Cloud. It’s such a comfy, cozy, familiar place. It’s where we store our pictures and music, backup our data, and watch cat videos on YouTube. It’s only natural that we’d want to use it for other things, like artificial intelligence.
And why not? Data is the lifeblood of AI, and the cloud has a lot of data. It also has a lot of compute power. And it’s easy to use: just point, click and deploy. We’re so used to the convenience of the cloud that the mere thought of not using it feels like a step backward.
I mean, what are the alternatives? AI on the edge? Like, physically printing out a neural network and installing it in a toaster? What next, growing our own silicon chips in the backyard? That’s just dumb, right?
Except, well, it’s not.
Many of you already know the usual arguments against cloud AI: latency, connectivity, privacy. But we want to talk about something more foundational; existential, if you will. And it boils down to this:
AI is out of the nursery.
See, when we were just getting started with AI, every new step, each new milestone felt like a gigantic achievement. Neural machine translation? Awesome. An emulated self-driving car? Nothing less than amazing. An AI that generates text indistinguishable from the best human writers? Holy cow.
When you are at the “wow” stage of any technology, you marvel at the result, not the process. Who cares if it takes 350 server-years and 10 million dollars to train a neural network to be able to do something that impressive? We just want to see what it can do!
The thing is, we’re not at the wow stage anymore. AI is no longer a toddler, and we should not be just paying for the diapers while clapping at its first attempts at walking. We’re at the point where we should be asking why it still struggles to walk.
“What does any of this have to do with the cloud?” you might say.
And the answer is, the cloud is the playpen that keeps AI stuck in the diaper phase.
Is our AI too heavy? Let’s just throw more servers at it! Is it too slow? Let’s give it more bandwidth! Does it fail to work with real-world data? Let’s pretend the real world doesn’t exist!
But, as any parent will tell you, the more you give a toddler, the more that toddler wants. And technology is no different. I mean, look at Chrome.
Worst of all, throwing more resources can only get you so far. No servers in the world can make a self-driving car respond to an unexpected pothole in real time or allow a demining robot to remove a landmine in a place with no connectivity. And these are the tasks that we do need AI to be able to perform.
Now I know. “Edging” a neural network is hard. You can’t just dump some Python code onto an ASIC; the diversity of neural networks it will support is incomparable to what we’ve got so used to with the cloud; most importantly, you need not just machine learning expertise but also engineering expertise. And that’s hard to come by.

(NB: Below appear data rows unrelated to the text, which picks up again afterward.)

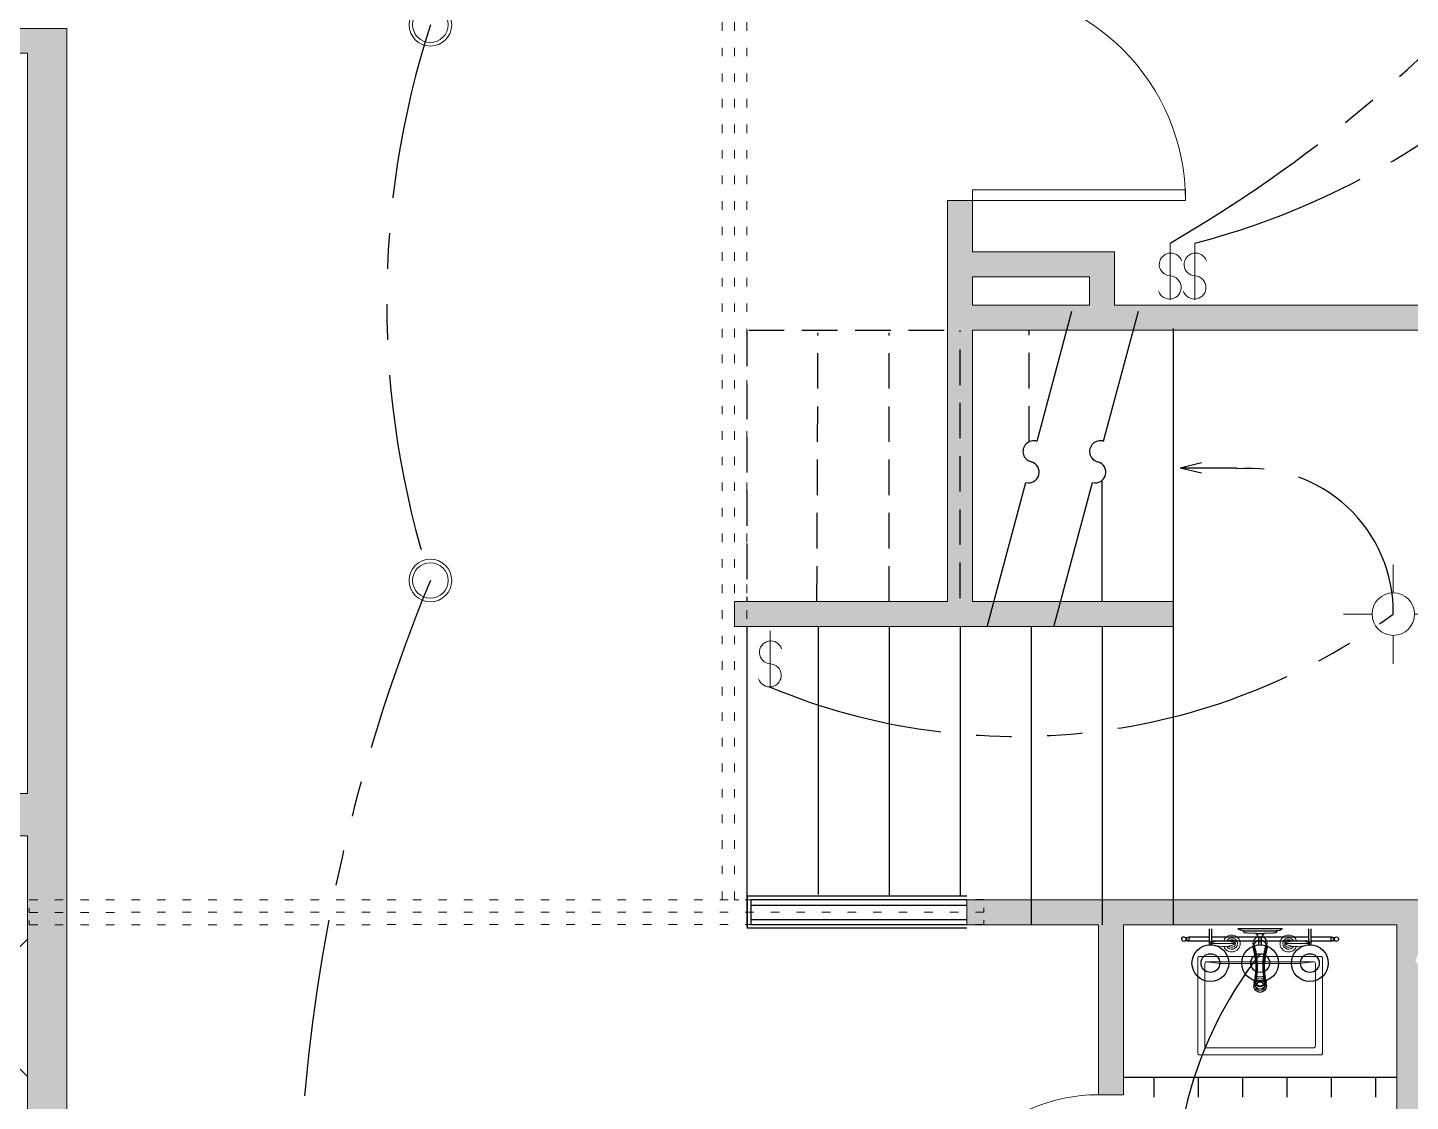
# Model space of a CAD drawing. Header units: inches. Extents: x -28708 to -16583, y 64755 to 66587.
# Drawn here: x -19659.5 to -19464.8, y 65906.9 to 66058.1 of the extents above; entities that cross this region are included whole.
import ezdxf

# ---------------------------------------------------------------- set-up
doc = ezdxf.new("R2010")
doc.units = ezdxf.units.IN
doc.header["$LTSCALE"] = 20
doc.header["$MEASUREMENT"] = 0
for name, pattern in [('Dashed Medium', [8, 2, -4, 2]), ('Dashed Small', [4, 1, -2, 1]), ('HIDDEN', [0.375, 0.25, -0.125]), ('PHANTOM', [2.5, 1.25, -0.25, 0.25, -0.25, 0.25, -0.25]), ('Solid', [0])]:
    doc.linetypes.add(name, pattern=pattern)
for name, color, linetype in [('COUNTER TOPS', 2, 'Continuous'), ('DOOR', 3, 'Continuous'), ('ELECTRICAL FIXTURES', 1, 'Continuous'), ('ELEVATION LINES', 8, 'HIDDEN'), ('HANDRAIL', 2, 'Continuous'), ('HATCH', 9, 'Continuous'), ('STAIR&STEPS', 121, 'Continuous'), ('WALL', 5, 'Continuous')]:
    doc.layers.add(name, color=color, linetype=linetype)
for name, color, linetype, lineweight in [('Electrical', 1, 'Continuous', 25), ('FIXTURES_ INTERIOR', 1, 'Continuous', 5), ('SPDECK_RAILING', 7, 'Continuous', 0), ('SPWALL_OUTLINE', 7, 'Continuous', 0)]:
    doc.layers.add(name, color=color, linetype=linetype, lineweight=lineweight)

# ---------------------------------------------------------------- blocks, each defined once
blk = doc.blocks.new('A$C40F0554F')
at = {"layer": 'FIXTURES_ INTERIOR', "linetype": 'Solid'}
for radius in [3, 2.5]:
    blk.add_circle((3, 3), radius, dxfattribs=at)
blk = doc.blocks.new('A$C20AB7A1B')
at = {"layer": 'FIXTURES_ INTERIOR', "linetype": 'Solid'}
for p, q in [((7, 10), (7, 14)), ((4, 7), (0, 7)), ((10, 7), (14, 7)), ((7, 4), (7, 0))]:
    blk.add_line(p, q, dxfattribs=at)
blk.add_circle((7, 7), 3, dxfattribs=at)
blk = doc.blocks.new('A$C0F2D1F17')
at = {"layer": 'FIXTURES_ INTERIOR', "color": 1, "linetype": 'Solid'}
blk.add_line((1.63, 8), (1.63, 0), dxfattribs=at)
for centre, radius, start, end in [((1.72, 4.98), 1.61, 18.6673, 266.5257), ((1.55, 1.75), 1.63, 197.9114, 87.2774)]:
    blk.add_arc(centre, radius, start, end, dxfattribs=at)
blk = doc.blocks.new('A$C6980638A')
at = {"layer": 'ELECTRICAL FIXTURES', "linetype": 'Solid'}
for p, q in [((0.12, 7.76), (0.21, 7.81)), ((0.21, 7.81), (0.31, 7.82)), ((0.31, 7.82), (0.45, 7.79)), ((0.45, 7.79), (0.58, 7.68)), ((0.82, 7.74), (0.98, 7.82)), ((0.98, 7.82), (1.01, 7.8)), ((1.01, 7.8), (1.03, 7.76)), ((3.86, 8.93), (3.86, 7.24)), ((4.22, 7.24), (4.22, 8.93)), ((7.93, 9), (7.93, 9.02)), ((7.93, 9.02), (11.04, 9.02)), ((7.99, 8.88), (7.93, 9)), ((8.19, 8.8), (7.99, 8.88)), ((8.26, 8.74), (8.19, 8.8)), ((8.68, 8.68), (8.26, 8.74)), ((8.75, 8.62), (8.68, 8.68)), ((8.69, 8.51), (8.71, 8.58)), ((8.74, 8.48), (8.69, 8.51)), ((8.71, 8.58), (8.75, 8.62)), ((8.82, 8.41), (8.74, 8.48)), ((13.32, 8.62), (8.75, 8.62)), ((9.18, 8.34), (8.82, 8.41)), ((10.54, 8.28), (9.18, 8.34)), ((10.5, 8.22), (10.54, 8.28)), ((10.6, 8.13), (10.5, 8.22)), ((10.54, 8.28), (11.53, 8.28)), ((10.67, 7.99), (10.6, 8.13)), ((10.86, 7.77), (10.67, 7.99)), ((11.04, 9.02), (14.14, 9.02)), ((11.34, 7.91), (11.21, 7.79)), ((11.21, 6.69), (11.21, 7.79)), ((11.42, 8.06), (11.34, 7.91)), ((11.51, 8.15), (11.42, 8.06)), ((11.57, 8.22), (11.51, 8.15)), ((12.89, 8.34), (11.53, 8.28)), ((11.53, 8.28), (11.57, 8.22)), ((13.22, 8.4), (12.89, 8.34)), ((13.29, 8.46), (13.22, 8.4)), ((13.37, 8.49), (13.29, 8.46)), ((13.37, 8.67), (13.32, 8.62)), ((13.32, 8.62), (13.39, 8.54)), ((13.79, 8.73), (13.37, 8.67)), ((13.39, 8.54), (13.37, 8.49)), ((13.84, 8.77), (13.79, 8.73)), ((13.95, 8.82), (13.84, 8.77)), ((14.09, 8.89), (13.95, 8.82)), ((14.14, 9.02), (14.09, 8.89)), ((17.86, 8.93), (17.86, 7.78)), ((18.22, 7.78), (18.22, 8.93)), ((21.05, 7.78), (21.06, 7.8)), ((21.06, 7.8), (21.13, 7.81)), ((21.13, 7.81), (21.33, 7.68)), ((21.5, 7.68), (21.63, 7.79)), ((21.63, 7.79), (21.77, 7.82)), ((21.77, 7.82), (21.91, 7.79)), ((21.91, 7.79), (22.02, 7.68)), ((0, 7.51), (0.02, 7.64)), ((0.01, 7.4), (0, 7.51)), ((0.02, 7.4), (0.01, 7.4)), ((0.02, 7.64), (0.12, 7.76)), ((0.05, 7.33), (0.02, 7.4)), ((0.16, 7.22), (0.05, 7.33)), ((0.31, 7.19), (0.16, 7.22)), ((0.45, 7.22), (0.31, 7.19)), ((0.58, 7.33), (0.45, 7.22)), ((0.58, 7.68), (0.64, 7.75)), ((0.58, 7.68), (0.58, 7.33)), ((0.61, 7.27), (0.58, 7.33)), ((0.66, 7.28), (0.61, 7.27)), ((0.64, 7.75), (0.67, 7.73)), ((0.71, 7.38), (0.66, 7.28)), ((0.67, 7.73), (0.71, 7.64)), ((0.71, 7.64), (0.82, 7.74)), ((0.71, 7.38), (0.71, 7.64)), ((0.74, 7.33), (0.71, 7.38)), ((0.96, 7.19), (0.74, 7.33)), ((1.02, 7.24), (0.96, 7.19)), ((1.03, 7.78), (1.02, 7.24)), ((1.02, 7.24), (3.86, 7.24)), ((3.86, 7.78), (1.03, 7.78)), ((3.86, 7.78), (3.86, 7.78)), ((3.86, 7.24), (3.86, 6.71)), ((4.22, 7.78), (4.22, 7.78)), ((10.86, 7.78), (4.22, 7.78)), ((4.22, 6.69), (4.22, 7.24)), ((4.22, 7.24), (10.86, 7.24)), ((10.86, 6.7), (10.86, 7.77)), ((17.86, 7.78), (11.21, 7.78)), ((11.21, 7.24), (17.86, 7.24)), ((17.86, 7.78), (17.86, 6.71)), ((17.86, 7.78), (17.86, 7.78)), ((18.22, 6.69), (18.22, 7.78)), ((21.05, 7.78), (18.22, 7.78)), ((18.22, 7.24), (21.05, 7.24)), ((21.11, 7.19), (21.04, 7.25)), ((21.05, 7.24), (21.05, 7.78)), ((21.25, 7.27), (21.11, 7.19)), ((21.37, 7.38), (21.25, 7.27)), ((21.33, 7.68), (21.37, 7.64)), ((21.37, 7.64), (21.41, 7.74)), ((21.37, 7.64), (21.37, 7.38)), ((21.41, 7.28), (21.37, 7.38)), ((21.41, 7.74), (21.44, 7.75)), ((21.45, 7.26), (21.41, 7.28)), ((21.44, 7.75), (21.5, 7.68)), ((21.5, 7.33), (21.45, 7.26)), ((21.5, 7.33), (21.5, 7.68)), ((21.63, 7.22), (21.5, 7.33)), ((21.77, 7.19), (21.63, 7.22)), ((21.86, 7.2), (21.77, 7.19)), ((21.95, 7.25), (21.86, 7.2)), ((22.05, 7.38), (21.95, 7.25)), ((22.02, 7.68), (22.06, 7.61)), ((22.07, 7.51), (22.05, 7.38)), ((22.06, 7.61), (22.07, 7.51))]:
    blk.add_line(p, q, dxfattribs=at)
for centre, radius in [((4.03, 4.12), 2.59), ((11.04, 4.13), 2.59), ((18.04, 4.13), 2.59), ((4.04, 4.13), 1.32), ((11.04, 4.13), 1.32), ((18.04, 4.13), 1.32), ((11.04, 0.88), 0.875), ((11.04, 0.88), 0.625)]:
    blk.add_circle(centre, radius, dxfattribs=at)
for centre, radius, start, end in [((11.01, 8.24), 0.494, 252.5031, 294.4345), ((4.04, 7.34), 0.208, 208.7455, 331.2219), ((11.04, 6.33), 1.01, 359.986, 179.972), ((0.17, 3.37), 10.3, 349.5485, 16.7194), ((2.63, 3.52), 8.02, 344.3919, 21.2105), ((11.04, 7.35), 0.209, 212.1915, 327.7725), ((19.45, 3.52), 8.02, 158.7888, 195.6086), ((21.91, 3.37), 10.3, 163.2895, 190.4411), ((18.04, 7.34), 0.211, 209.5214, 328.8075), ((11.04, 1.7), 0.767, 194.9231, 345.0946)]:
    blk.add_arc(centre, radius, start, end, dxfattribs=at)
blk = doc.blocks.new('A$C5BAE7CA6')
at = {"layer": 'WALL', "linetype": 'Continuous', "lineweight": 0}
for points in [[(252.5, 394.25), (258, 397.75), (200.97, 397.75), (200.97, 394.25)], [(258, 397.75), (252.5, 394.25), (252.5, 290.01), (253.83, 286.01), (258, 284.01)], [(382, 362.76), (384.62, 363.92), (385.5, 366.26), (385.5, 373.51), (382, 373.51)], [(402, 362.76), (405.5, 366.26), (385.5, 366.26), (384.62, 363.92), (385.5, 362.76)], [(405.5, 366.26), (402, 362.76), (402, 358.76), (404.33, 357.89), (405.5, 358.76)], [(382, 358.76), (384.62, 357.6), (385.5, 358.76), (385.5, 362.76), (384.62, 363.92), (382, 362.76)], [(382, 317.01), (383.17, 316.13), (385.5, 317.01), (385.5, 355.26), (384.62, 357.6), (382, 358.76)], [(385.5, 358.76), (384.62, 357.6), (385.5, 355.26), (405.5, 355.26), (404.33, 357.89), (402, 358.76)], [(405.5, 358.76), (404.33, 357.89), (405.5, 355.26), (461.25, 355.26), (463.25, 355.93), (461.25, 358.76)], [(382, 313.51), (383.17, 316.13), (382, 317.01), (352, 317.01), (352, 313.51)], [(413.76, 313.51), (413.76, 317.01), (385.5, 317.01), (383.17, 316.13), (382, 313.51)], [(252.5, 284.01), (253.83, 286.01), (252.5, 290.01), (200.69, 290.01), (200.69, 284.01)], [(258, 284.01), (253.83, 286.01), (252.5, 284.01), (252.5, 156.01), (256.67, 158.01), (258, 162.01)], [(403.25, 271.51), (404.42, 272.38), (403.25, 275.01), (384.72, 275.01), (384.72, 271.51)], [(445.25, 271.51), (446.42, 272.38), (445.25, 275.01), (403.25, 275.01), (404.42, 272.38), (406.75, 271.51)], [(461.25, 271.51), (462.96, 272.67), (461.25, 275.01), (445.25, 275.01), (446.42, 272.38), (448.75, 271.51)], [(403.25, 247.57), (406.75, 247.57), (406.75, 271.51), (404.42, 272.38), (403.25, 271.51)], [(445.25, 265.26), (447.87, 266.42), (448.75, 268.76), (448.75, 271.51), (446.42, 272.38), (445.25, 271.51)], [(445.25, 197.76), (446.42, 196.21), (448.75, 197.76), (448.75, 265.26), (447.87, 266.42), (445.25, 265.26)]]:
    blk.add_hatch(color=9, dxfattribs=at).paths.add_polyline_path(points, flags=0)
at = {"layer": 'COUNTER TOPS', "color": 9, "linetype": 'Solid'}
blk.add_line((445.25, 250.01), (406.75, 250.01), dxfattribs=at)
at = {"layer": 'DOOR', "color": 9, "linetype": 'Continuous', "lineweight": 0}
blk.add_lwpolyline([(385.5, 373.51), (385.5, 375.01), (415.5, 375.01), (415.5, 373.51)], close=True, dxfattribs=at)
at = {"layer": 'DOOR', "color": 9, "linetype": 'Continuous', "lineweight": 0, "extrusion": (0, 0, -1)}
blk.add_arc((-385.5, 373.51), 30, 90, 180, dxfattribs=at)
at = {"layer": 'DOOR', "color": 9, "linetype": 'Continuous', "lineweight": 0}
blk.add_arc((403.25, 223.57), 24, 90, 180, dxfattribs=at)
at = {"layer": 'FIXTURES_ INTERIOR', "color": 9, "linetype": 'Solid'}
for p, q in [((422.39, 268.86), (419.03, 268.86)), ((429.61, 268.86), (432.97, 268.86)), ((417.23, 266.87), (417.22, 266.86)), ((417.22, 266.86), (417.22, 266.84)), ((417.22, 266.84), (417.22, 266.83)), ((417.22, 266.83), (417.22, 266.81)), ((417.22, 266.81), (417.22, 266.8)), ((417.22, 253.43), (417.22, 266.8)), ((417.24, 266.9), (417.23, 266.88)), ((417.23, 266.88), (417.23, 266.87)), ((417.25, 266.93), (417.24, 266.91)), ((417.24, 266.91), (417.24, 266.9)), ((417.26, 266.94), (417.25, 266.93)), ((417.27, 266.96), (417.26, 266.95)), ((417.26, 266.95), (417.26, 266.94)), ((417.28, 266.97), (417.27, 266.96)), ((417.29, 266.98), (417.28, 266.97)), ((417.3, 266.99), (417.29, 266.98)), ((417.32, 267), (417.3, 266.99)), ((417.33, 267.01), (417.32, 267)), ((417.34, 267.02), (417.33, 267.01)), ((417.35, 267.03), (417.34, 267.02)), ((417.37, 267.03), (417.35, 267.03)), ((417.38, 267.04), (417.37, 267.03)), ((417.39, 267.04), (417.38, 267.04)), ((417.41, 267.05), (417.39, 267.04)), ((417.42, 267.05), (417.41, 267.05)), ((417.44, 267.05), (417.42, 267.05)), ((417.45, 267.05), (417.44, 267.05)), ((417.46, 267.05), (417.45, 267.05)), ((434.54, 267.05), (417.46, 267.05)), ((422, 268.33), (422, 268.33)), ((430, 268.33), (430, 268.33)), ((434.54, 267.05), (434.55, 267.05)), ((434.55, 267.05), (434.56, 267.05)), ((434.56, 267.05), (434.58, 267.05)), ((434.58, 267.05), (434.59, 267.05)), ((434.59, 267.05), (434.61, 267.04)), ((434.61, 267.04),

But, once edged, AI will become truly disruptive. The first companies to fully leverage AI on the edge will be the front-runners of the next phase of technology: robotics, autonomous vehicles, IoT, medical devices. Not to mention use cases in that half of the world where there’s simply no Internet and that many of us prefer to turn a blind eye to.
Now, I’m not breaking any new ground here. Companies like Baidu, Google, and Microsoft are already running AI workloads on-device, and startups like Graphcore, SambaNova and us here at Edged.ai are building either specialized hardware or intellectual property (IP) to make AI on the edge a reality.
But, as with so many things, the real disruption does not happen when a few companies do it. It happens when there is a shift in the industry’s mindset.
And, right now, that mindset seems to be stuck in the cloud playpen.
Isn’t it about time we let it out into the real world?